**Action item:** Where the records below show a line containing "#153=PLANE('',#152);", start copying; end with the line containing "#175=CYLINDRICAL_SURFACE('',#174,1.5);", and copy it too.
◇ ◇ ◇
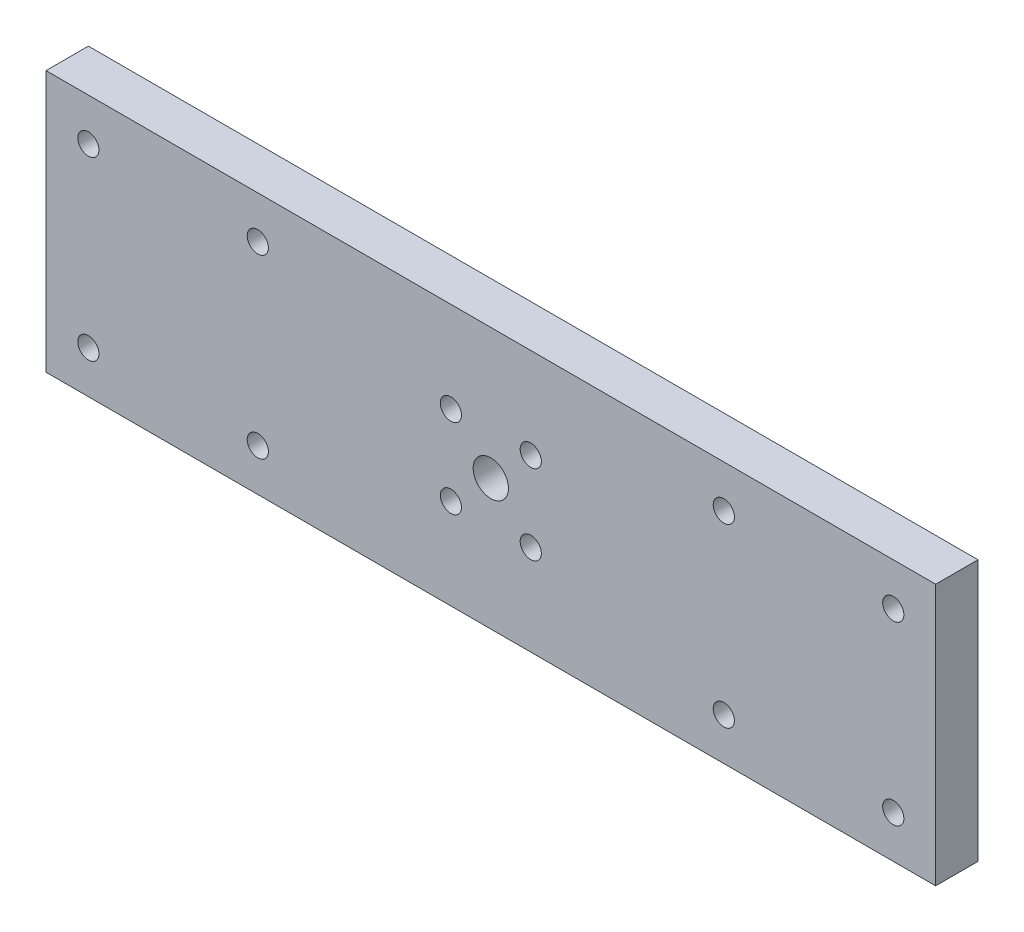
ISO-10303-21;
HEADER;
FILE_DESCRIPTION(('STEP AP214'),'2;1');
FILE_NAME('part.step','',(''),(''),'','','');
FILE_SCHEMA(('AUTOMOTIVE_DESIGN { 1 0 10303 214 1 1 1 1 }'));
ENDSEC;
DATA;
#1=APPLICATION_CONTEXT('core data for automotive mechanical design processes');
#2=APPLICATION_PROTOCOL_DEFINITION('international standard','automotive_design',2000,#1);
#3=PRODUCT_CONTEXT('',#1,'mechanical');
#4=PRODUCT('Part','Part','',(#3));
#5=PRODUCT_RELATED_PRODUCT_CATEGORY('part','',(#4));
#6=PRODUCT_DEFINITION_FORMATION('','',#4);
#7=PRODUCT_DEFINITION_CONTEXT('part definition',#1,'design');
#8=PRODUCT_DEFINITION('design','',#6,#7);
#9=PRODUCT_DEFINITION_SHAPE('','',#8);
#10=(LENGTH_UNIT() NAMED_UNIT(*) SI_UNIT(.MILLI.,.METRE.));
#11=(NAMED_UNIT(*) PLANE_ANGLE_UNIT() SI_UNIT($,.RADIAN.));
#12=(NAMED_UNIT(*) SI_UNIT($,.STERADIAN.) SOLID_ANGLE_UNIT());
#13=UNCERTAINTY_MEASURE_WITH_UNIT(LENGTH_MEASURE(1.E-05),#10,'distance_accuracy_value','');
#14=(GEOMETRIC_REPRESENTATION_CONTEXT(3) GLOBAL_UNCERTAINTY_ASSIGNED_CONTEXT((#13)) GLOBAL_UNIT_ASSIGNED_CONTEXT((#10,
#11,#12)) REPRESENTATION_CONTEXT('',''));
#15=CARTESIAN_POINT('',(0.,0.,0.));
#16=DIRECTION('',(0.,0.,1.));
#17=DIRECTION('',(1.,0.,0.));
#18=AXIS2_PLACEMENT_3D('',#15,#16,#17);
#19=CARTESIAN_POINT('',(63.,0.,6.));
#20=DIRECTION('',(1.,0.,0.));
#21=DIRECTION('',(0.,0.,-1.));
#22=AXIS2_PLACEMENT_3D('',#19,#20,#21);
#23=PLANE('',#22);
#24=DIRECTION('',(0.,-1.,0.));
#25=VECTOR('',#24,1.);
#26=CARTESIAN_POINT('',(63.,0.,0.));
#27=LINE('',#26,#25);
#28=CARTESIAN_POINT('',(63.,18.5,0.));
#29=VERTEX_POINT('',#28);
#30=CARTESIAN_POINT('',(63.,-18.5,0.));
#31=VERTEX_POINT('',#30);
#32=EDGE_CURVE('E146',#29,#31,#27,.T.);
#33=ORIENTED_EDGE('',*,*,#32,.F.);
#34=DIRECTION('',(0.,0.,-1.));
#35=VECTOR('',#34,1.);
#36=CARTESIAN_POINT('',(63.,18.5,6.));
#37=LINE('',#36,#35);
#38=CARTESIAN_POINT('',(63.,18.5,6.));
#39=VERTEX_POINT('',#38);
#40=EDGE_CURVE('E11',#39,#29,#37,.T.);
#41=ORIENTED_EDGE('',*,*,#40,.F.);
#42=DIRECTION('',(0.,-1.,0.));
#43=VECTOR('',#42,1.);
#44=CARTESIAN_POINT('',(63.,0.,6.));
#45=LINE('',#44,#43);
#46=CARTESIAN_POINT('',(63.,-18.5,6.));
#47=VERTEX_POINT('',#46);
#48=EDGE_CURVE('E100',#39,#47,#45,.T.);
#49=ORIENTED_EDGE('',*,*,#48,.T.);
#50=DIRECTION('',(0.,0.,-1.));
#51=VECTOR('',#50,1.);
#52=CARTESIAN_POINT('',(63.,-18.5,6.));
#53=LINE('',#52,#51);
#54=EDGE_CURVE('E78',#47,#31,#53,.T.);
#55=ORIENTED_EDGE('',*,*,#54,.T.);
#56=EDGE_LOOP('',(#33,#41,#49,#55));
#57=FACE_BOUND('',#56,.T.);
#58=ADVANCED_FACE('F38',(#57),#23,.T.);
#59=CARTESIAN_POINT('',(0.,18.5,6.));
#60=DIRECTION('',(0.,1.,0.));
#61=DIRECTION('',(0.,0.,1.));
#62=AXIS2_PLACEMENT_3D('',#59,#60,#61);
#63=PLANE('',#62);
#64=DIRECTION('',(1.,0.,0.));
#65=VECTOR('',#64,1.);
#66=CARTESIAN_POINT('',(0.,18.5,0.));
#67=LINE('',#66,#65);
#68=CARTESIAN_POINT('',(-63.,18.5,0.));
#69=VERTEX_POINT('',#68);
#70=EDGE_CURVE('E90',#69,#29,#67,.T.);
#71=ORIENTED_EDGE('',*,*,#70,.F.);
#72=DIRECTION('',(0.,0.,-1.));
#73=VECTOR('',#72,1.);
#74=CARTESIAN_POINT('',(-63.,18.5,6.));
#75=LINE('',#74,#73);
#76=CARTESIAN_POINT('',(-63.,18.5,6.));
#77=VERTEX_POINT('',#76);
#78=EDGE_CURVE('E47',#77,#69,#75,.T.);
#79=ORIENTED_EDGE('',*,*,#78,.F.);
#80=DIRECTION('',(1.,0.,0.));
#81=VECTOR('',#80,1.);
#82=CARTESIAN_POINT('',(0.,18.5,6.));
#83=LINE('',#82,#81);
#84=EDGE_CURVE('E88',#77,#39,#83,.T.);
#85=ORIENTED_EDGE('',*,*,#84,.T.);
#86=ORIENTED_EDGE('',*,*,#40,.T.);
#87=EDGE_LOOP('',(#71,#79,#85,#86));
#88=FACE_BOUND('',#87,.T.);
#89=ADVANCED_FACE('F86',(#88),#63,.T.);
#90=CARTESIAN_POINT('',(-63.,0.,6.));
#91=DIRECTION('',(1.,0.,0.));
#92=DIRECTION('',(0.,0.,-1.));
#93=AXIS2_PLACEMENT_3D('',#90,#91,#92);
#94=PLANE('',#93);
#95=DIRECTION('',(0.,-1.,0.));
#96=VECTOR('',#95,1.);
#97=CARTESIAN_POINT('',(-63.,0.,0.));
#98=LINE('',#97,#96);
#99=CARTESIAN_POINT('',(-63.,-18.5,0.));
#100=VERTEX_POINT('',#99);
#101=EDGE_CURVE('E149',#69,#100,#98,.T.);
#102=ORIENTED_EDGE('',*,*,#101,.T.);
#103=DIRECTION('',(0.,0.,-1.));
#104=VECTOR('',#103,1.);
#105=CARTESIAN_POINT('',(-63.,-18.5,6.));
#106=LINE('',#105,#104);
#107=CARTESIAN_POINT('',(-63.,-18.5,6.));
#108=VERTEX_POINT('',#107);
#109=EDGE_CURVE('E93',#108,#100,#106,.T.);
#110=ORIENTED_EDGE('',*,*,#109,.F.);
#111=DIRECTION('',(0.,-1.,0.));
#112=VECTOR('',#111,1.);
#113=CARTESIAN_POINT('',(-63.,0.,6.));
#114=LINE('',#113,#112);
#115=EDGE_CURVE('E95',#77,#108,#114,.T.);
#116=ORIENTED_EDGE('',*,*,#115,.F.);
#117=ORIENTED_EDGE('',*,*,#78,.T.);
#118=EDGE_LOOP('',(#102,#110,#116,#117));
#119=FACE_BOUND('',#118,.T.);
#120=ADVANCED_FACE('F96',(#119),#94,.F.);
#121=CARTESIAN_POINT('',(5.65685424949239,5.65685424949238,6.));
#122=DIRECTION('',(0.,0.,-1.));
#123=DIRECTION('',(-1.,0.,0.));
#124=AXIS2_PLACEMENT_3D('',#121,#122,#123);
#125=CYLINDRICAL_SURFACE('',#124,1.5);
#126=CARTESIAN_POINT('',(5.65685424949239,5.65685424949238,6.));
#127=DIRECTION('',(0.,0.,1.));
#128=DIRECTION('',(1.,0.,0.));
#129=AXIS2_PLACEMENT_3D('',#126,#127,#128);
#130=CIRCLE('',#129,1.5);
#131=CARTESIAN_POINT('',(7.15685424949239,5.65685424949238,6.));
#132=VERTEX_POINT('',#131);
#133=EDGE_CURVE('E107',#132,#132,#130,.T.);
#134=ORIENTED_EDGE('',*,*,#133,.T.);
#135=EDGE_LOOP('',(#134));
#136=FACE_BOUND('',#135,.T.);
#137=CARTESIAN_POINT('',(5.65685424949239,5.65685424949238,0.));
#138=DIRECTION('',(0.,0.,1.));
#139=DIRECTION('',(1.,0.,0.));
#140=AXIS2_PLACEMENT_3D('',#137,#138,#139);
#141=CIRCLE('',#140,1.5);
#142=CARTESIAN_POINT('',(7.15685424949239,5.65685424949238,0.));
#143=VERTEX_POINT('',#142);
#144=EDGE_CURVE('E152',#143,#143,#141,.T.);
#145=ORIENTED_EDGE('',*,*,#144,.F.);
#146=EDGE_LOOP('',(#145));
#147=FACE_BOUND('',#146,.T.);
#148=ADVANCED_FACE('F260',(#136,#147),#125,.F.);
#149=CARTESIAN_POINT('',(0.,-18.5,6.));
#150=DIRECTION('',(0.,1.,0.));
#151=DIRECTION('',(0.,0.,1.));
#152=AXIS2_PLACEMENT_3D('',#149,#150,#151);
#153=PLANE('',#152);
#154=DIRECTION('',(1.,0.,0.));
#155=VECTOR('',#154,1.);
#156=CARTESIAN_POINT('',(0.,-18.5,0.));
#157=LINE('',#156,#155);
#158=EDGE_CURVE('E71',#100,#31,#157,.T.);
#159=ORIENTED_EDGE('',*,*,#158,.T.);
#160=ORIENTED_EDGE('',*,*,#54,.F.);
#161=DIRECTION('',(1.,0.,0.));
#162=VECTOR('',#161,1.);
#163=CARTESIAN_POINT('',(0.,-18.5,6.));
#164=LINE('',#163,#162);
#165=EDGE_CURVE('E55',#108,#47,#164,.T.);
#166=ORIENTED_EDGE('',*,*,#165,.F.);
#167=ORIENTED_EDGE('',*,*,#109,.T.);
#168=EDGE_LOOP('',(#159,#160,#166,#167));
#169=FACE_BOUND('',#168,.T.);
#170=ADVANCED_FACE('F161',(#169),#153,.F.);
#171=CARTESIAN_POINT('',(-57.,12.5,6.));
#172=DIRECTION('',(0.,0.,-1.));
#173=DIRECTION('',(-1.,0.,0.));
#174=AXIS2_PLACEMENT_3D('',#171,#172,#173);
#175=CYLINDRICAL_SURFACE('',#174,1.5);
#176=CARTESIAN_POINT('',(-57.,12.5,6.));
#177=DIRECTION('',(0.,0.,1.));
#178=DIRECTION('',(1.,0.,0.));
#179=AXIS2_PLACEMENT_3D('',#176,#177,#178);
#180=CIRCLE('',#179,1.5);
#181=CARTESIAN_POINT('',(-55.5,12.5,6.));
#182=VERTEX_POINT('',#181);
#183=EDGE_CURVE('E102',#182,#182,#180,.T.);
#184=ORIENTED_EDGE('',*,*,#183,.T.);
#185=EDGE_LOOP('',(#184));
#186=FACE_BOUND('',#185,.T.);
#187=CARTESIAN_POINT('',(-57.,12.5,0.));
#188=DIRECTION('',(0.,0.,1.));
#189=DIRECTION('',(1.,0.,0.));
#190=AXIS2_PLACEMENT_3D('',#187,#188,#189);
#191=CIRCLE('',#190,1.5);
#192=CARTESIAN_POINT('',(-55.5,12.5,0.));
#193=VERTEX_POINT('',#192);
#194=EDGE_CURVE('E143',#193,#193,#191,.T.);
#195=ORIENTED_EDGE('',*,*,#194,.F.);
#196=EDGE_LOOP('',(#195));
#197=FACE_BOUND('',#196,.T.);
#198=ADVANCED_FACE('F172',(#186,#197),#175,.F.);
#199=CARTESIAN_POINT('',(33.,12.5,6.));
#200=DIRECTION('',(0.,0.,-1.));
#201=DIRECTION('',(-1.,0.,0.));
#202=AXIS2_PLACEMENT_3D('',#199,#200,#201);
#203=CYLINDRICAL_SURFACE('',#202,1.5);
#204=CARTESIAN_POINT('',(33.,12.5,6.));
#205=DIRECTION('',(0.,0.,1.));
#206=DIRECTION('',(1.,0.,0.));
#207=AXIS2_PLACEMENT_3D('',#204,#205,#206);
#208=CIRCLE('',#207,1.5);
#209=CARTESIAN_POINT('',(34.5,12.5,6.));
#210=VERTEX_POINT('',#209);
#211=EDGE_CURVE('E443',#210,#210,#208,.T.);
#212=ORIENTED_EDGE('',*,*,#211,.T.);
#213=EDGE_LOOP('',(#212));
#214=FACE_BOUND('',#213,.T.);
#215=CARTESIAN_POINT('',(33.,12.5,0.));
#216=DIRECTION('',(0.,0.,1.));
#217=DIRECTION('',(1.,0.,0.));
#218=AXIS2_PLACEMENT_3D('',#215,#216,#217);
#219=CIRCLE('',#218,1.5);
#220=CARTESIAN_POINT('',(34.5,12.5,0.));
#221=VERTEX_POINT('',#220);
#222=EDGE_CURVE('E140',#221,#221,#219,.T.);
#223=ORIENTED_EDGE('',*,*,#222,.F.);
#224=EDGE_LOOP('',(#223));
#225=FACE_BOUND('',#224,.T.);
#226=ADVANCED_FACE('F175',(#214,#225),#203,.F.);
#227=CARTESIAN_POINT('',(-33.,12.5,6.));
#228=DIRECTION('',(0.,0.,-1.));
#229=DIRECTION('',(-1.,0.,0.));
#230=AXIS2_PLACEMENT_3D('',#227,#228,#229);
#231=CYLINDRICAL_SURFACE('',#230,1.5);
#232=CARTESIAN_POINT('',(-33.,12.5,6.));
#233=DIRECTION('',(0.,0.,1.));
#234=DIRECTION('',(1.,0.,0.));
#235=AXIS2_PLACEMENT_3D('',#232,#233,#234);
#236=CIRCLE('',#235,1.5);
#237=CARTESIAN_POINT('',(-31.5,12.5,6.));
#238=VERTEX_POINT('',#237);
#239=EDGE_CURVE('E439',#238,#238,#236,.T.);
#240=ORIENTED_EDGE('',*,*,#239,.T.);
#241=EDGE_LOOP('',(#240));
#242=FACE_BOUND('',#241,.T.);
#243=CARTESIAN_POINT('',(-33.,12.5,0.));
#244=DIRECTION('',(0.,0.,1.));
#245=DIRECTION('',(1.,0.,0.));
#246=AXIS2_PLACEMENT_3D('',#243,#244,#245);
#247=CIRCLE('',#246,1.5);
#248=CARTESIAN_POINT('',(-31.5,12.5,0.));
#249=VERTEX_POINT('',#248);
#250=EDGE_CURVE('E137',#249,#249,#247,.T.);
#251=ORIENTED_EDGE('',*,*,#250,.F.);
#252=EDGE_LOOP('',(#251));
#253=FACE_BOUND('',#252,.T.);
#254=ADVANCED_FACE('F179',(#242,#253),#231,.F.);
#255=CARTESIAN_POINT('',(-57.,-12.5,6.));
#256=DIRECTION('',(0.,0.,-1.));
#257=DIRECTION('',(-1.,0.,0.));
#258=AXIS2_PLACEMENT_3D('',#255,#256,#257);
#259=CYLINDRICAL_SURFACE('',#258,1.5);
#260=CARTESIAN_POINT('',(-57.,-12.5,6.));
#261=DIRECTION('',(0.,0.,1.));
#262=DIRECTION('',(1.,0.,0.));
#263=AXIS2_PLACEMENT_3D('',#260,#261,#262);
#264=CIRCLE('',#263,1.5);
#265=CARTESIAN_POINT('',(-55.5,-12.5,6.));
#266=VERTEX_POINT('',#265);
#267=EDGE_CURVE('E435',#266,#266,#264,.T.);
#268=ORIENTED_EDGE('',*,*,#267,.T.);
#269=EDGE_LOOP('',(#268));
#270=FACE_BOUND('',#269,.T.);
#271=CARTESIAN_POINT('',(-57.,-12.5,0.));
#272=DIRECTION('',(0.,0.,1.));
#273=DIRECTION('',(1.,0.,0.));
#274=AXIS2_PLACEMENT_3D('',#271,#272,#273);
#275=CIRCLE('',#274,1.5);
#276=CARTESIAN_POINT('',(-55.5,-12.5,0.));
#277=VERTEX_POINT('',#276);
#278=EDGE_CURVE('E134',#277,#277,#275,.T.);
#279=ORIENTED_EDGE('',*,*,#278,.F.);
#280=EDGE_LOOP('',(#279));
#281=FACE_BOUND('',#280,.T.);
#282=ADVANCED_FACE('F183',(#270,#281),#259,.F.);
#283=CARTESIAN_POINT('',(-33.,-12.5,6.));
#284=DIRECTION('',(0.,0.,-1.));
#285=DIRECTION('',(-1.,0.,0.));
#286=AXIS2_PLACEMENT_3D('',#283,#284,#285);
#287=CYLINDRICAL_SURFACE('',#286,1.5);
#288=CARTESIAN_POINT('',(-33.,-12.5,6.));
#289=DIRECTION('',(0.,0.,1.));
#290=DIRECTION('',(1.,0.,0.));
#291=AXIS2_PLACEMENT_3D('',#288,#289,#290);
#292=CIRCLE('',#291,1.5);
#293=CARTESIAN_POINT('',(-31.5,-12.5,6.));
#294=VERTEX_POINT('',#293);
#295=EDGE_CURVE('E431',#294,#294,#292,.T.);
#296=ORIENTED_EDGE('',*,*,#295,.T.);
#297=EDGE_LOOP('',(#296));
#298=FACE_BOUND('',#297,.T.);
#299=CARTESIAN_POINT('',(-33.,-12.5,0.));
#300=DIRECTION('',(0.,0.,1.));
#301=DIRECTION('',(1.,0.,0.));
#302=AXIS2_PLACEMENT_3D('',#299,#300,#301);
#303=CIRCLE('',#302,1.5);
#304=CARTESIAN_POINT('',(-31.5,-12.5,0.));
#305=VERTEX_POINT('',#304);
#306=EDGE_CURVE('E131',#305,#305,#303,.T.);
#307=ORIENTED_EDGE('',*,*,#306,.F.);
#308=EDGE_LOOP('',(#307));
#309=FACE_BOUND('',#308,.T.);
#310=ADVANCED_FACE('F187',(#298,#309),#287,.F.);
#311=CARTESIAN_POINT('',(57.,-12.5,6.));
#312=DIRECTION('',(0.,0.,-1.));
#313=DIRECTION('',(-1.,0.,0.));
#314=AXIS2_PLACEMENT_3D('',#311,#312,#313);
#315=CYLINDRICAL_SURFACE('',#314,1.5);
#316=CARTESIAN_POINT('',(57.,-12.5,6.));
#317=DIRECTION('',(0.,0.,1.));
#318=DIRECTION('',(1.,0.,0.));
#319=AXIS2_PLACEMENT_3D('',#316,#317,#318);
#320=CIRCLE('',#319,1.5);
#321=CARTESIAN_POINT('',(58.5,-12.5,6.));
#322=VERTEX_POINT('',#321);
#323=EDGE_CURVE('E427',#322,#322,#320,.T.);
#324=ORIENTED_EDGE('',*,*,#323,.T.);
#325=EDGE_LOOP('',(#324));
#326=FACE_BOUND('',#325,.T.);
#327=CARTESIAN_POINT('',(57.,-12.5,0.));
#328=DIRECTION('',(0.,0.,1.));
#329=DIRECTION('',(1.,0.,0.));
#330=AXIS2_PLACEMENT_3D('',#327,#328,#329);
#331=CIRCLE('',#330,1.5);
#332=CARTESIAN_POINT('',(58.5,-12.5,0.));
#333=VERTEX_POINT('',#332);
#334=EDGE_CURVE('E128',#333,#333,#331,.T.);
#335=ORIENTED_EDGE('',*,*,#334,.F.);
#336=EDGE_LOOP('',(#335));
#337=FACE_BOUND('',#336,.T.);
#338=ADVANCED_FACE('F191',(#326,#337),#315,.F.);
#339=CARTESIAN_POINT('',(57.,12.5,6.));
#340=DIRECTION('',(0.,0.,-1.));
#341=DIRECTION('',(-1.,0.,0.));
#342=AXIS2_PLACEMENT_3D('',#339,#340,#341);
#343=CYLINDRICAL_SURFACE('',#342,1.5);
#344=CARTESIAN_POINT('',(57.,12.5,6.));
#345=DIRECTION('',(0.,0.,1.));
#346=DIRECTION('',(1.,0.,0.));
#347=AXIS2_PLACEMENT_3D('',#344,#345,#346);
#348=CIRCLE('',#347,1.5);
#349=CARTESIAN_POINT('',(58.5,12.5,6.));
#350=VERTEX_POINT('',#349);
#351=EDGE_CURVE('E423',#350,#350,#348,.T.);
#352=ORIENTED_EDGE('',*,*,#351,.T.);
#353=EDGE_LOOP('',(#352));
#354=FACE_BOUND('',#353,.T.);
#355=CARTESIAN_POINT('',(57.,12.5,0.));
#356=DIRECTION('',(0.,0.,1.));
#357=DIRECTION('',(1.,0.,0.));
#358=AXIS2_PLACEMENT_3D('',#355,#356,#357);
◇ ◇ ◇
**Task answer:**
#153=PLANE('',#152);
#154=DIRECTION('',(1.,0.,0.));
#155=VECTOR('',#154,1.);
#156=CARTESIAN_POINT('',(0.,-18.5,0.));
#157=LINE('',#156,#155);
#158=EDGE_CURVE('E71',#100,#31,#157,.T.);
#159=ORIENTED_EDGE('',*,*,#158,.T.);
#160=ORIENTED_EDGE('',*,*,#54,.F.);
#161=DIRECTION('',(1.,0.,0.));
#162=VECTOR('',#161,1.);
#163=CARTESIAN_POINT('',(0.,-18.5,6.));
#164=LINE('',#163,#162);
#165=EDGE_CURVE('E55',#108,#47,#164,.T.);
#166=ORIENTED_EDGE('',*,*,#165,.F.);
#167=ORIENTED_EDGE('',*,*,#109,.T.);
#168=EDGE_LOOP('',(#159,#160,#166,#167));
#169=FACE_BOUND('',#168,.T.);
#170=ADVANCED_FACE('F161',(#169),#153,.F.);
#171=CARTESIAN_POINT('',(-57.,12.5,6.));
#172=DIRECTION('',(0.,0.,-1.));
#173=DIRECTION('',(-1.,0.,0.));
#174=AXIS2_PLACEMENT_3D('',#171,#172,#173);
#175=CYLINDRICAL_SURFACE('',#174,1.5);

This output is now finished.